Look through the data below for the line with "#53=DIRECTION('',(0.707106781186548,-0.707106781186548,0.));", and transcribe it exactly together with each line after it up to and including the line with "#63=DIRECTION('',(1.,0.,0.));". Give nothing else.

──────── Provided entries ────────

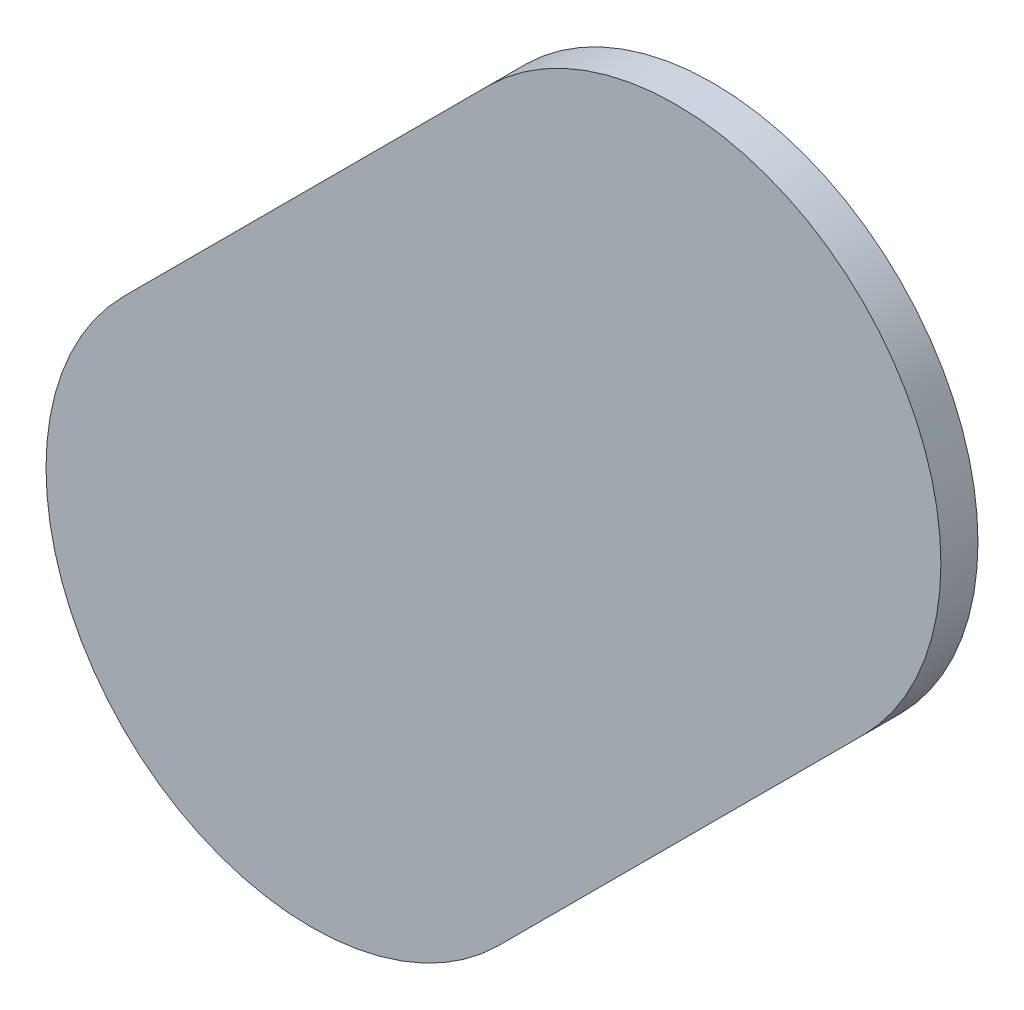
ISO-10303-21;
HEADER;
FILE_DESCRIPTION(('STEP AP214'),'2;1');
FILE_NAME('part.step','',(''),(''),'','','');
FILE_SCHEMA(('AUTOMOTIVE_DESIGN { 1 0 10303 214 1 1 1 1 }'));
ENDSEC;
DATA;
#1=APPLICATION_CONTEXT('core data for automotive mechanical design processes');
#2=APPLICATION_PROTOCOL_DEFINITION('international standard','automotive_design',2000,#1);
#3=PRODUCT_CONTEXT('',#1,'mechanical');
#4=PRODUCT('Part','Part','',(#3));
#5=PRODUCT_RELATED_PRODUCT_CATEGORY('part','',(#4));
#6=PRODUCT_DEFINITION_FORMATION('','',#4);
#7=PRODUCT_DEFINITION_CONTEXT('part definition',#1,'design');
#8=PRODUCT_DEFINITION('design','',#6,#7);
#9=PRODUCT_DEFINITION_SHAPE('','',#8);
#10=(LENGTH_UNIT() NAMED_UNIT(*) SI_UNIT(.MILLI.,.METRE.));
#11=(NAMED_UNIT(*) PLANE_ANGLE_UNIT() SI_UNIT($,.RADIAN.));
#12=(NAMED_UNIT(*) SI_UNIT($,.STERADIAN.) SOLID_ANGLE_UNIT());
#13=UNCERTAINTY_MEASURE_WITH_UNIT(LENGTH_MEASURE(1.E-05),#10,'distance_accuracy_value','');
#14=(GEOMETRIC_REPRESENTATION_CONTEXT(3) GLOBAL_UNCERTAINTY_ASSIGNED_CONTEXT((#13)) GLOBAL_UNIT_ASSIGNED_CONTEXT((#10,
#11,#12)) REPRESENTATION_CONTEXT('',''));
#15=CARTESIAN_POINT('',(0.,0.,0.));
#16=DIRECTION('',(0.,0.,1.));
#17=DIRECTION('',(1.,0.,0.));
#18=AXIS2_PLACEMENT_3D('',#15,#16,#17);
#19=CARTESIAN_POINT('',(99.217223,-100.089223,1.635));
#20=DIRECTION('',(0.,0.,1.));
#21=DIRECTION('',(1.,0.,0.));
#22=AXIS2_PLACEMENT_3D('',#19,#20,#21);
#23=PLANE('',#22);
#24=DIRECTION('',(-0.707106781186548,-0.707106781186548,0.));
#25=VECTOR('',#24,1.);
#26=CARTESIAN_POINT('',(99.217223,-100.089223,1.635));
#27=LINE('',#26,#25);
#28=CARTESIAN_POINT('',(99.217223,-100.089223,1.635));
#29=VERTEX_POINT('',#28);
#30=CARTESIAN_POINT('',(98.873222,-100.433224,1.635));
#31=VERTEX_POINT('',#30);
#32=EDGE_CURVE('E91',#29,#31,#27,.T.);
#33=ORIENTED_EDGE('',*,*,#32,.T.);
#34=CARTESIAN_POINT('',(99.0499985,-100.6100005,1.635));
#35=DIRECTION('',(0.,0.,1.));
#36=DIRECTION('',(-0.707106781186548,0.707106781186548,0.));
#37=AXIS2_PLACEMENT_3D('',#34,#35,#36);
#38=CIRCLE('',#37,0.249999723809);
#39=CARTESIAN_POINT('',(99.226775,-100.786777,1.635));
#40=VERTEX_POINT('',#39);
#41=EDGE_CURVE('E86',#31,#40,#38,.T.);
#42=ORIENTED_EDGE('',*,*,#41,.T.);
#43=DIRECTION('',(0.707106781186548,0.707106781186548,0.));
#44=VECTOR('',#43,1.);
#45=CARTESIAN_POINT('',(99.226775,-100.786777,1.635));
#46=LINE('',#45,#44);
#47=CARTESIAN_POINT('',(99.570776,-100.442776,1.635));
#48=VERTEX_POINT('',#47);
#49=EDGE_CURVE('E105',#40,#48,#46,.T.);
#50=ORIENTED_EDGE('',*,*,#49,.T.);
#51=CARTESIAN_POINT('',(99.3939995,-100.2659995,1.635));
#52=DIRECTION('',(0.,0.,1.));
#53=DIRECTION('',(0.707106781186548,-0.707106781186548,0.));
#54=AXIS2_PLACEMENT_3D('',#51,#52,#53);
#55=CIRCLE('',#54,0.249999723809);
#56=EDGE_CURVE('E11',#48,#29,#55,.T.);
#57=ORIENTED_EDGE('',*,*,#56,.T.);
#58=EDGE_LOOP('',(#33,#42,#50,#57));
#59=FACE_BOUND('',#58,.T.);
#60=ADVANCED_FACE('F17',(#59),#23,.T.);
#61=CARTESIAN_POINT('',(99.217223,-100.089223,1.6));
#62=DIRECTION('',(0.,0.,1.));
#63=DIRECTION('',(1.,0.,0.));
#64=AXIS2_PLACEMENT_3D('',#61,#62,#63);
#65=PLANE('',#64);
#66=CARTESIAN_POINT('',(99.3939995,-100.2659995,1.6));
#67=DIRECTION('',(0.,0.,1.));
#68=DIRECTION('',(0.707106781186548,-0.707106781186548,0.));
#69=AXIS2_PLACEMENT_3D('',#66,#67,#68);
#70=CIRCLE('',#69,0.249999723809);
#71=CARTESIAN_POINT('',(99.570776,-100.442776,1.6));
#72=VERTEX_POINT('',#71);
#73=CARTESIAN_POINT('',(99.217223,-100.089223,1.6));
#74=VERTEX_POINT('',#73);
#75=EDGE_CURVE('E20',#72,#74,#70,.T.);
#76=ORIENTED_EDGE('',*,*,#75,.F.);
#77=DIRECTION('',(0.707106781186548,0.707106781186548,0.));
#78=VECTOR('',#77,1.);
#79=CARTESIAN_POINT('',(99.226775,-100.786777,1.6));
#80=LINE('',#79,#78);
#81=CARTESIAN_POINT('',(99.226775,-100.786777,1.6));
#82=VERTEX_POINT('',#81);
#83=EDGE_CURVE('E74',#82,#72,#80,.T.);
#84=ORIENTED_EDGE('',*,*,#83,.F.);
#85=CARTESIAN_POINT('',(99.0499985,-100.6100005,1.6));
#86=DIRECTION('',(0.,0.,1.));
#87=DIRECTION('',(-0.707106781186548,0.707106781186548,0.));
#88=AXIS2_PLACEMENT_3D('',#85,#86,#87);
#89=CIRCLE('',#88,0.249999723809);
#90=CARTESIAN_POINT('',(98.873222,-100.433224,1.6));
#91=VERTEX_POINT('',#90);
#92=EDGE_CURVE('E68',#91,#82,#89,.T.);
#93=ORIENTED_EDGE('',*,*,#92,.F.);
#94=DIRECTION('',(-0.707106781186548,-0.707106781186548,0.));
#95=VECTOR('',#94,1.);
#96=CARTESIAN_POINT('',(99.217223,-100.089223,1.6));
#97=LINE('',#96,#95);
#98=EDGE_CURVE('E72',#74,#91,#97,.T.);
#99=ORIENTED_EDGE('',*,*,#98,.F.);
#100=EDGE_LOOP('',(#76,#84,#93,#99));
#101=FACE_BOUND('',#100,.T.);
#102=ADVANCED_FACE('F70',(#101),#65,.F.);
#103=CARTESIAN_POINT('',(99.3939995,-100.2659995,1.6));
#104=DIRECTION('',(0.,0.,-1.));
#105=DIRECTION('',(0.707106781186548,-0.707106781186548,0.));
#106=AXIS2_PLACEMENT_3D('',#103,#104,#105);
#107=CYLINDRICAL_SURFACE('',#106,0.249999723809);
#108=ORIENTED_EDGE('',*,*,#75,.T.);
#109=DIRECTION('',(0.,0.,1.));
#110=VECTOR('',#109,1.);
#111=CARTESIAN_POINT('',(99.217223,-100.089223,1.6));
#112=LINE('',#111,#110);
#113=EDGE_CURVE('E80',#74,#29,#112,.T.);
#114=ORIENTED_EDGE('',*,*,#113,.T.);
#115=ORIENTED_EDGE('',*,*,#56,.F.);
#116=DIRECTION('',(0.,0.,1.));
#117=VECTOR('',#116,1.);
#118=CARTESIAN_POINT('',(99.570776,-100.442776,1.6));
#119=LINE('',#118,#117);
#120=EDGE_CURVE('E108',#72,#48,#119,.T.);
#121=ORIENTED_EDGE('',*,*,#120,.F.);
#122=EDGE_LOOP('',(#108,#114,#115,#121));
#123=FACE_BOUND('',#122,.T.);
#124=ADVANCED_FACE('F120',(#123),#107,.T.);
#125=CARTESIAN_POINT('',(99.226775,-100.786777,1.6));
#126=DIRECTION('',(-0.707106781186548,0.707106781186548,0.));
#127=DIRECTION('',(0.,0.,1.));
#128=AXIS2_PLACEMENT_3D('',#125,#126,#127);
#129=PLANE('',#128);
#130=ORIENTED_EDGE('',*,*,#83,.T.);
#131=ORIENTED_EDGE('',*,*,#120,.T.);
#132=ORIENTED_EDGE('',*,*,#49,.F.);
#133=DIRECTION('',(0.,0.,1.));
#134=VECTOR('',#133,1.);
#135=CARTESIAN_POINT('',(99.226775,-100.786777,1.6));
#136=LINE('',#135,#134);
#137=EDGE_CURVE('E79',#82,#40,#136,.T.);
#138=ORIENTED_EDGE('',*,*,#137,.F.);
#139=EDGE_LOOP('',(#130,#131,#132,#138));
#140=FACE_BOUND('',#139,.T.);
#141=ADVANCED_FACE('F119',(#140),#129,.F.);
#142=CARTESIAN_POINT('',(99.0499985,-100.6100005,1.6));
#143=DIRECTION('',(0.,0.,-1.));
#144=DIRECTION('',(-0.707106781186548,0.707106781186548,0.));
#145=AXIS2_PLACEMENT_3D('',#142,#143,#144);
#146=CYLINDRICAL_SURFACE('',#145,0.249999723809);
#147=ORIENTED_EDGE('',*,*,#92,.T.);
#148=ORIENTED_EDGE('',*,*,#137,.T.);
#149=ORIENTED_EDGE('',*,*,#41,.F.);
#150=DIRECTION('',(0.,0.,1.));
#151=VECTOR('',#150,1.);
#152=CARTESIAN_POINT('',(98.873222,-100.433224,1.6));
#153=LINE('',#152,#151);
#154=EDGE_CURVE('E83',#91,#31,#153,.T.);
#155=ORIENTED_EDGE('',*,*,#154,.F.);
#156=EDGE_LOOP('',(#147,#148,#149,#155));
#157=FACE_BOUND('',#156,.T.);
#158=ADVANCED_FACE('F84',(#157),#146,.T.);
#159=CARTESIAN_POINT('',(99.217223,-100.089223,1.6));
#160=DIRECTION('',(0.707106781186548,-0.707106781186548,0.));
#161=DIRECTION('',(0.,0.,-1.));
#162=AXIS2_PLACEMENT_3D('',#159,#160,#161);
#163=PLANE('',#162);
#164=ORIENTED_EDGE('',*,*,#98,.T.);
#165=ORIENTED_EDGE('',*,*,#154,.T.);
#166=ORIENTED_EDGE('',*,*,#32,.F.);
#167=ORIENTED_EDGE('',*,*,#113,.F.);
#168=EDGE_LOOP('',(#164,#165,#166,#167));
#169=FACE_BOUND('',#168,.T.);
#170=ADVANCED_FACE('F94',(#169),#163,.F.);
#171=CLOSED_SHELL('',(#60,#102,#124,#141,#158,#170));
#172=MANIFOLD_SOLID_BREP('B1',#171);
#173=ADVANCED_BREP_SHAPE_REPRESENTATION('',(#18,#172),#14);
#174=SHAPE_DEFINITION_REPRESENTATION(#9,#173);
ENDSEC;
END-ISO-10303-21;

────────

#### Answer to the exercise:
#53=DIRECTION('',(0.707106781186548,-0.707106781186548,0.));
#54=AXIS2_PLACEMENT_3D('',#51,#52,#53);
#55=CIRCLE('',#54,0.249999723809);
#56=EDGE_CURVE('E11',#48,#29,#55,.T.);
#57=ORIENTED_EDGE('',*,*,#56,.T.);
#58=EDGE_LOOP('',(#33,#42,#50,#57));
#59=FACE_BOUND('',#58,.T.);
#60=ADVANCED_FACE('F17',(#59),#23,.T.);
#61=CARTESIAN_POINT('',(99.217223,-100.089223,1.6));
#62=DIRECTION('',(0.,0.,1.));
#63=DIRECTION('',(1.,0.,0.));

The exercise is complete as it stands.